- [TASK TO CARRY OUT] Which lines below fall between the one containing "#190=AXIS2_PLACEMENT_3D('',#187,#188,#189);" and the one containing "#202=VECTOR('',#201,1.);"? Repeat them exactly, counting both of those lines, and add nothing else.

MATERIAL PROVIDED Start Marker

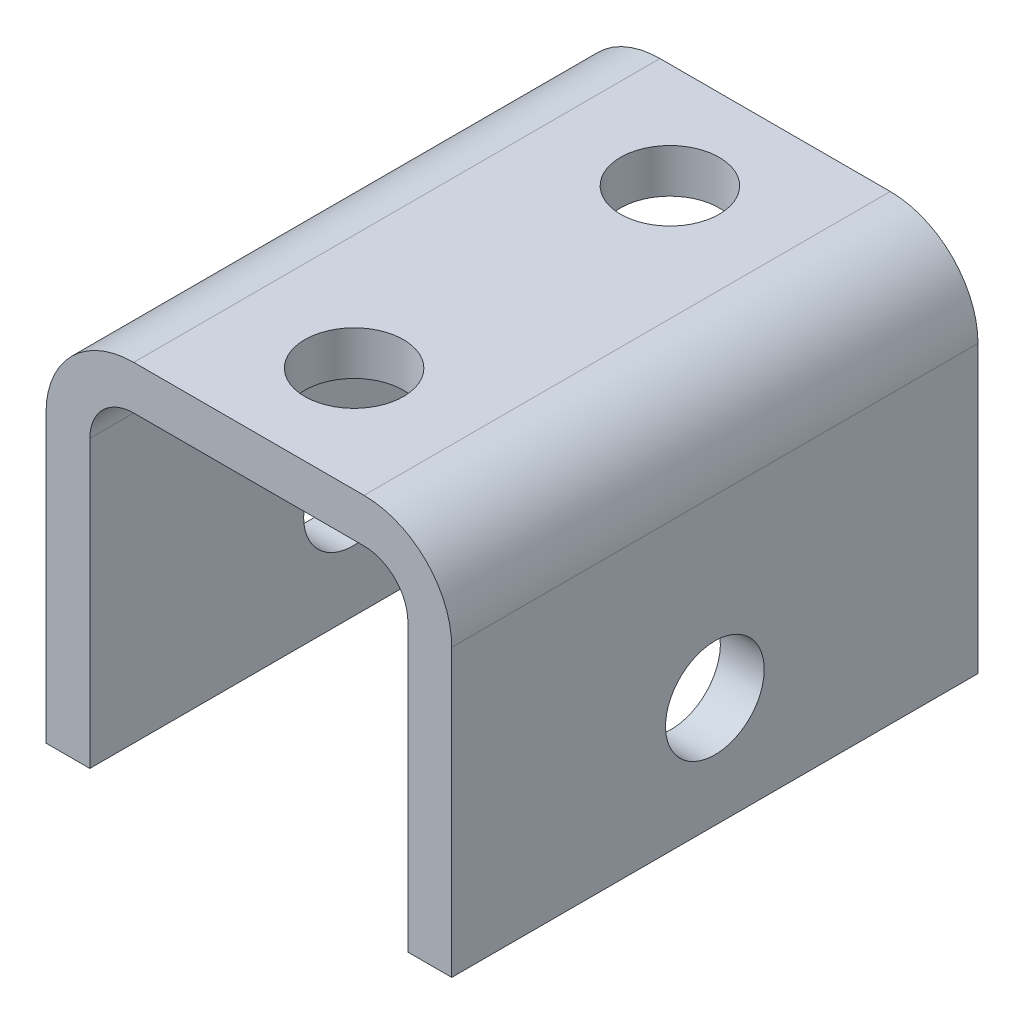
ISO-10303-21;
HEADER;
FILE_DESCRIPTION(('STEP AP214'),'2;1');
FILE_NAME('part.step','',(''),(''),'','','');
FILE_SCHEMA(('AUTOMOTIVE_DESIGN { 1 0 10303 214 1 1 1 1 }'));
ENDSEC;
DATA;
#1=APPLICATION_CONTEXT('core data for automotive mechanical design processes');
#2=APPLICATION_PROTOCOL_DEFINITION('international standard','automotive_design',2000,#1);
#3=PRODUCT_CONTEXT('',#1,'mechanical');
#4=PRODUCT('Part','Part','',(#3));
#5=PRODUCT_RELATED_PRODUCT_CATEGORY('part','',(#4));
#6=PRODUCT_DEFINITION_FORMATION('','',#4);
#7=PRODUCT_DEFINITION_CONTEXT('part definition',#1,'design');
#8=PRODUCT_DEFINITION('design','',#6,#7);
#9=PRODUCT_DEFINITION_SHAPE('','',#8);
#10=(LENGTH_UNIT() NAMED_UNIT(*) SI_UNIT(.MILLI.,.METRE.));
#11=(NAMED_UNIT(*) PLANE_ANGLE_UNIT() SI_UNIT($,.RADIAN.));
#12=(NAMED_UNIT(*) SI_UNIT($,.STERADIAN.) SOLID_ANGLE_UNIT());
#13=UNCERTAINTY_MEASURE_WITH_UNIT(LENGTH_MEASURE(1.E-05),#10,'distance_accuracy_value','');
#14=(GEOMETRIC_REPRESENTATION_CONTEXT(3) GLOBAL_UNCERTAINTY_ASSIGNED_CONTEXT((#13)) GLOBAL_UNIT_ASSIGNED_CONTEXT((#10,
#11,#12)) REPRESENTATION_CONTEXT('',''));
#15=CARTESIAN_POINT('',(0.,0.,0.));
#16=DIRECTION('',(0.,0.,1.));
#17=DIRECTION('',(1.,0.,0.));
#18=AXIS2_PLACEMENT_3D('',#15,#16,#17);
#19=CARTESIAN_POINT('',(23.0251,-54.102,38.1));
#20=DIRECTION('',(0.,1.,0.));
#21=DIRECTION('',(0.,0.,1.));
#22=AXIS2_PLACEMENT_3D('',#19,#20,#21);
#23=PLANE('',#22);
#24=DIRECTION('',(1.,0.,0.));
#25=VECTOR('',#24,1.);
#26=CARTESIAN_POINT('',(23.0251,-54.102,-38.1));
#27=LINE('',#26,#25);
#28=CARTESIAN_POINT('',(23.0251,-54.102,-38.1));
#29=VERTEX_POINT('',#28);
#30=CARTESIAN_POINT('',(29.3751,-54.102,-38.1));
#31=VERTEX_POINT('',#30);
#32=EDGE_CURVE('E156',#29,#31,#27,.T.);
#33=ORIENTED_EDGE('',*,*,#32,.T.);
#34=DIRECTION('',(0.,0.,-1.));
#35=VECTOR('',#34,1.);
#36=CARTESIAN_POINT('',(29.3751,-54.102,38.1));
#37=LINE('',#36,#35);
#38=CARTESIAN_POINT('',(29.3751,-54.102,38.1));
#39=VERTEX_POINT('',#38);
#40=EDGE_CURVE('E11',#39,#31,#37,.T.);
#41=ORIENTED_EDGE('',*,*,#40,.F.);
#42=DIRECTION('',(1.,0.,0.));
#43=VECTOR('',#42,1.);
#44=CARTESIAN_POINT('',(23.0251,-54.102,38.1));
#45=LINE('',#44,#43);
#46=CARTESIAN_POINT('',(23.0251,-54.102,38.1));
#47=VERTEX_POINT('',#46);
#48=EDGE_CURVE('E179',#47,#39,#45,.T.);
#49=ORIENTED_EDGE('',*,*,#48,.F.);
#50=DIRECTION('',(0.,0.,-1.));
#51=VECTOR('',#50,1.);
#52=CARTESIAN_POINT('',(23.0251,-54.102,38.1));
#53=LINE('',#52,#51);
#54=EDGE_CURVE('E152',#47,#29,#53,.T.);
#55=ORIENTED_EDGE('',*,*,#54,.T.);
#56=EDGE_LOOP('',(#33,#41,#49,#55));
#57=FACE_BOUND('',#56,.T.);
#58=ADVANCED_FACE('F34',(#57),#23,.F.);
#59=CARTESIAN_POINT('',(29.3751,-12.7,38.1));
#60=DIRECTION('',(-1.,0.,0.));
#61=DIRECTION('',(0.,-1.,0.));
#62=AXIS2_PLACEMENT_3D('',#59,#60,#61);
#63=PLANE('',#62);
#64=CARTESIAN_POINT('',(29.3751,-38.1,0.));
#65=DIRECTION('',(1.,0.,0.));
#66=DIRECTION('',(0.,1.,0.));
#67=AXIS2_PLACEMENT_3D('',#64,#65,#66);
#68=CIRCLE('',#67,7.14375);
#69=CARTESIAN_POINT('',(29.3751,-30.95625,0.));
#70=VERTEX_POINT('',#69);
#71=EDGE_CURVE('E212',#70,#70,#68,.T.);
#72=ORIENTED_EDGE('',*,*,#71,.F.);
#73=EDGE_LOOP('',(#72));
#74=FACE_BOUND('',#73,.T.);
#75=DIRECTION('',(0.,1.,0.));
#76=VECTOR('',#75,1.);
#77=CARTESIAN_POINT('',(29.3751,-12.7,-38.1));
#78=LINE('',#77,#76);
#79=CARTESIAN_POINT('',(29.3751,-12.7,-38.1));
#80=VERTEX_POINT('',#79);
#81=EDGE_CURVE('E159',#31,#80,#78,.T.);
#82=ORIENTED_EDGE('',*,*,#81,.T.);
#83=DIRECTION('',(0.,0.,-1.));
#84=VECTOR('',#83,1.);
#85=CARTESIAN_POINT('',(29.3751,-12.7,38.1));
#86=LINE('',#85,#84);
#87=CARTESIAN_POINT('',(29.3751,-12.7,38.1));
#88=VERTEX_POINT('',#87);
#89=EDGE_CURVE('E43',#88,#80,#86,.T.);
#90=ORIENTED_EDGE('',*,*,#89,.F.);
#91=DIRECTION('',(0.,1.,0.));
#92=VECTOR('',#91,1.);
#93=CARTESIAN_POINT('',(29.3751,-12.7,38.1));
#94=LINE('',#93,#92);
#95=EDGE_CURVE('E107',#39,#88,#94,.T.);
#96=ORIENTED_EDGE('',*,*,#95,.F.);
#97=ORIENTED_EDGE('',*,*,#40,.T.);
#98=EDGE_LOOP('',(#82,#90,#96,#97));
#99=FACE_BOUND('',#98,.T.);
#100=ADVANCED_FACE('F269',(#74,#99),#63,.F.);
#101=CARTESIAN_POINT('',(16.6751,-12.7,38.1));
#102=DIRECTION('',(0.,0.,-1.));
#103=DIRECTION('',(-1.,0.,0.));
#104=AXIS2_PLACEMENT_3D('',#101,#102,#103);
#105=CYLINDRICAL_SURFACE('',#104,12.7);
#106=CARTESIAN_POINT('',(16.6751,-12.7,-38.1));
#107=DIRECTION('',(0.,0.,1.));
#108=DIRECTION('',(-1.,0.,0.));
#109=AXIS2_PLACEMENT_3D('',#106,#107,#108);
#110=CIRCLE('',#109,12.7);
#111=CARTESIAN_POINT('',(16.6751,0.,-38.1));
#112=VERTEX_POINT('',#111);
#113=EDGE_CURVE('E162',#80,#112,#110,.T.);
#114=ORIENTED_EDGE('',*,*,#113,.T.);
#115=DIRECTION('',(0.,0.,-1.));
#116=VECTOR('',#115,1.);
#117=CARTESIAN_POINT('',(16.6751,0.,38.1));
#118=LINE('',#117,#116);
#119=CARTESIAN_POINT('',(16.6751,0.,38.1));
#120=VERTEX_POINT('',#119);
#121=EDGE_CURVE('E198',#120,#112,#118,.T.);
#122=ORIENTED_EDGE('',*,*,#121,.F.);
#123=CARTESIAN_POINT('',(16.6751,-12.7,38.1));
#124=DIRECTION('',(0.,0.,1.));
#125=DIRECTION('',(-1.,0.,0.));
#126=AXIS2_PLACEMENT_3D('',#123,#124,#125);
#127=CIRCLE('',#126,12.7);
#128=EDGE_CURVE('E229',#88,#120,#127,.T.);
#129=ORIENTED_EDGE('',*,*,#128,.F.);
#130=ORIENTED_EDGE('',*,*,#89,.T.);
#131=EDGE_LOOP('',(#114,#122,#129,#130));
#132=FACE_BOUND('',#131,.T.);
#133=ADVANCED_FACE('F273',(#132),#105,.T.);
#134=CARTESIAN_POINT('',(-16.6751,0.,38.1));
#135=DIRECTION('',(0.,-1.,0.));
#136=DIRECTION('',(0.,0.,-1.));
#137=AXIS2_PLACEMENT_3D('',#134,#135,#136);
#138=PLANE('',#137);
#139=CARTESIAN_POINT('',(0.,0.,-22.86));
#140=DIRECTION('',(0.,1.,0.));
#141=DIRECTION('',(0.,0.,1.));
#142=AXIS2_PLACEMENT_3D('',#139,#140,#141);
#143=CIRCLE('',#142,7.14375);
#144=CARTESIAN_POINT('',(0.,0.,-15.71625));
#145=VERTEX_POINT('',#144);
#146=EDGE_CURVE('E208',#145,#145,#143,.T.);
#147=ORIENTED_EDGE('',*,*,#146,.F.);
#148=EDGE_LOOP('',(#147));
#149=FACE_BOUND('',#148,.T.);
#150=CARTESIAN_POINT('',(0.,0.,22.86));
#151=DIRECTION('',(0.,1.,0.));
#152=DIRECTION('',(0.,0.,1.));
#153=AXIS2_PLACEMENT_3D('',#150,#151,#152);
#154=CIRCLE('',#153,7.14375);
#155=CARTESIAN_POINT('',(0.,0.,30.00375));
#156=VERTEX_POINT('',#155);
#157=EDGE_CURVE('E214',#156,#156,#154,.T.);
#158=ORIENTED_EDGE('',*,*,#157,.F.);
#159=EDGE_LOOP('',(#158));
#160=FACE_BOUND('',#159,.T.);
#161=DIRECTION('',(-1.,0.,0.));
#162=VECTOR('',#161,1.);
#163=CARTESIAN_POINT('',(-16.6751,0.,-38.1));
#164=LINE('',#163,#162);
#165=CARTESIAN_POINT('',(-16.6751,0.,-38.1));
#166=VERTEX_POINT('',#165);
#167=EDGE_CURVE('E164',#112,#166,#164,.T.);
#168=ORIENTED_EDGE('',*,*,#167,.T.);
#169=DIRECTION('',(0.,0.,-1.));
#170=VECTOR('',#169,1.);
#171=CARTESIAN_POINT('',(-16.6751,0.,38.1));
#172=LINE('',#171,#170);
#173=CARTESIAN_POINT('',(-16.6751,0.,38.1));
#174=VERTEX_POINT('',#173);
#175=EDGE_CURVE('E195',#174,#166,#172,.T.);
#176=ORIENTED_EDGE('',*,*,#175,.F.);
#177=DIRECTION('',(-1.,0.,0.));
#178=VECTOR('',#177,1.);
#179=CARTESIAN_POINT('',(-16.6751,0.,38.1));
#180=LINE('',#179,#178);
#181=EDGE_CURVE('E231',#120,#174,#180,.T.);
#182=ORIENTED_EDGE('',*,*,#181,.F.);
#183=ORIENTED_EDGE('',*,*,#121,.T.);
#184=EDGE_LOOP('',(#168,#176,#182,#183));
#185=FACE_BOUND('',#184,.T.);
#186=ADVANCED_FACE('F278',(#149,#160,#185),#138,.F.);
#187=CARTESIAN_POINT('',(-16.6751,-12.7,38.1));
#188=DIRECTION('',(0.,0.,-1.));
#189=DIRECTION('',(-1.,0.,0.));
#190=AXIS2_PLACEMENT_3D('',#187,#188,#189);
#191=CYLINDRICAL_SURFACE('',#190,12.7);
#192=CARTESIAN_POINT('',(-16.6751,-12.7,-38.1));
#193=DIRECTION('',(0.,0.,1.));
#194=DIRECTION('',(1.,0.,0.));
#195=AXIS2_PLACEMENT_3D('',#192,#193,#194);
#196=CIRCLE('',#195,12.7);
#197=CARTESIAN_POINT('',(-29.3751,-12.7,-38.1));
#198=VERTEX_POINT('',#197);
#199=EDGE_CURVE('E166',#166,#198,#196,.T.);
#200=ORIENTED_EDGE('',*,*,#199,.T.);
#201=DIRECTION('',(0.,0.,-1.));
#202=VECTOR('',#201,1.);
#203=CARTESIAN_POINT('',(-29.3751,-12.7,38.1));
#204=LINE('',#203,#202);
#205=CARTESIAN_POINT('',(-29.3751,-12.7,38.1));
#206=VERTEX_POINT('',#205);
#207=EDGE_CURVE('E192',#206,#198,#204,.T.);
#208=ORIENTED_EDGE('',*,*,#207,.F.);
#209=CARTESIAN_POINT('',(-16.6751,-12.7,38.1));
#210=DIRECTION('',(0.,0.,1.));
#211=DIRECTION('',(1.,0.,0.));
#212=AXIS2_PLACEMENT_3D('',#209,#210,#211);
#213=CIRCLE('',#212,12.7);
#214=EDGE_CURVE('E233',#174,#206,#213,.T.);
#215=ORIENTED_EDGE('',*,*,#214,.F.);
#216=ORIENTED_EDGE('',*,*,#175,.T.);
#217=EDGE_LOOP('',(#200,#208,#215,#216));
#218=FACE_BOUND('',#217,.T.);
#219=ADVANCED_FACE('F285',(#218),#191,.T.);
#220=CARTESIAN_POINT('',(-29.3751,-12.7,38.1));
#221=DIRECTION('',(1.,0.,0.));
#222=DIRECTION('',(0.,1.,0.));
#223=AXIS2_PLACEMENT_3D('',#220,#221,#222);
#224=PLANE('',#223);
#225=CARTESIAN_POINT('',(-29.3751,-38.1,0.));
#226=DIRECTION('',(1.,0.,0.));
#227=DIRECTION('',(0.,1.,0.));
#228=AXIS2_PLACEMENT_3D('',#225,#226,#227);
#229=CIRCLE('',#228,7.14375);
#230=CARTESIAN_POINT('',(-29.3751,-30.95625,0.));
#231=VERTEX_POINT('',#230);
#232=EDGE_CURVE('E205',#231,#231,#229,.T.);
#233=ORIENTED_EDGE('',*,*,#232,.T.);
#234=EDGE_LOOP('',(#233));
#235=FACE_BOUND('',#234,.T.);
#236=DIRECTION('',(0.,-1.,0.));
#237=VECTOR('',#236,1.);
#238=CARTESIAN_POINT('',(-29.3751,-12.7,-38.1));
#239=LINE('',#238,#237);
#240=CARTESIAN_POINT('',(-29.3751,-54.102,-38.1));
#241=VERTEX_POINT('',#240);
#242=EDGE_CURVE('E168',#198,#241,#239,.T.);
#243=ORIENTED_EDGE('',*,*,#242,.T.);
#244=DIRECTION('',(0.,0.,-1.));
#245=VECTOR('',#244,1.);
#246=CARTESIAN_POINT('',(-29.3751,-54.102,38.1));
#247=LINE('',#246,#245);
#248=CARTESIAN_POINT('',(-29.3751,-54.102,38.1));
#249=VERTEX_POINT('',#248);
#250=EDGE_CURVE('E189',#249,#241,#247,.T.);
#251=ORIENTED_EDGE('',*,*,#250,.F.);
#252=DIRECTION('',(0.,-1.,0.));
#253=VECTOR('',#252,1.);
#254=CARTESIAN_POINT('',(-29.3751,-12.7,38.1));
#255=LINE('',#254,#253);
#256=EDGE_CURVE('E235',#206,#249,#255,.T.);
#257=ORIENTED_EDGE('',*,*,#256,.F.);
#258=ORIENTED_EDGE('',*,*,#207,.T.);
#259=EDGE_LOOP('',(#243,#251,#257,#258));
#260=FACE_BOUND('',#259,.T.);
#261=ADVANCED_FACE('F289',(#235,#260),#224,.F.);
#262=CARTESIAN_POINT('',(-29.3751,-54.102,38.1));
#263=DIRECTION('',(0.,1.,0.));
#264=DIRECTION('',(0.,0.,1.));
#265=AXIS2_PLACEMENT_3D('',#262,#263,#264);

MATERIAL PROVIDED End Marker

- [FINISHED EXERCISE]
#190=AXIS2_PLACEMENT_3D('',#187,#188,#189);
#191=CYLINDRICAL_SURFACE('',#190,12.7);
#192=CARTESIAN_POINT('',(-16.6751,-12.7,-38.1));
#193=DIRECTION('',(0.,0.,1.));
#194=DIRECTION('',(1.,0.,0.));
#195=AXIS2_PLACEMENT_3D('',#192,#193,#194);
#196=CIRCLE('',#195,12.7);
#197=CARTESIAN_POINT('',(-29.3751,-12.7,-38.1));
#198=VERTEX_POINT('',#197);
#199=EDGE_CURVE('E166',#166,#198,#196,.T.);
#200=ORIENTED_EDGE('',*,*,#199,.T.);
#201=DIRECTION('',(0.,0.,-1.));
#202=VECTOR('',#201,1.);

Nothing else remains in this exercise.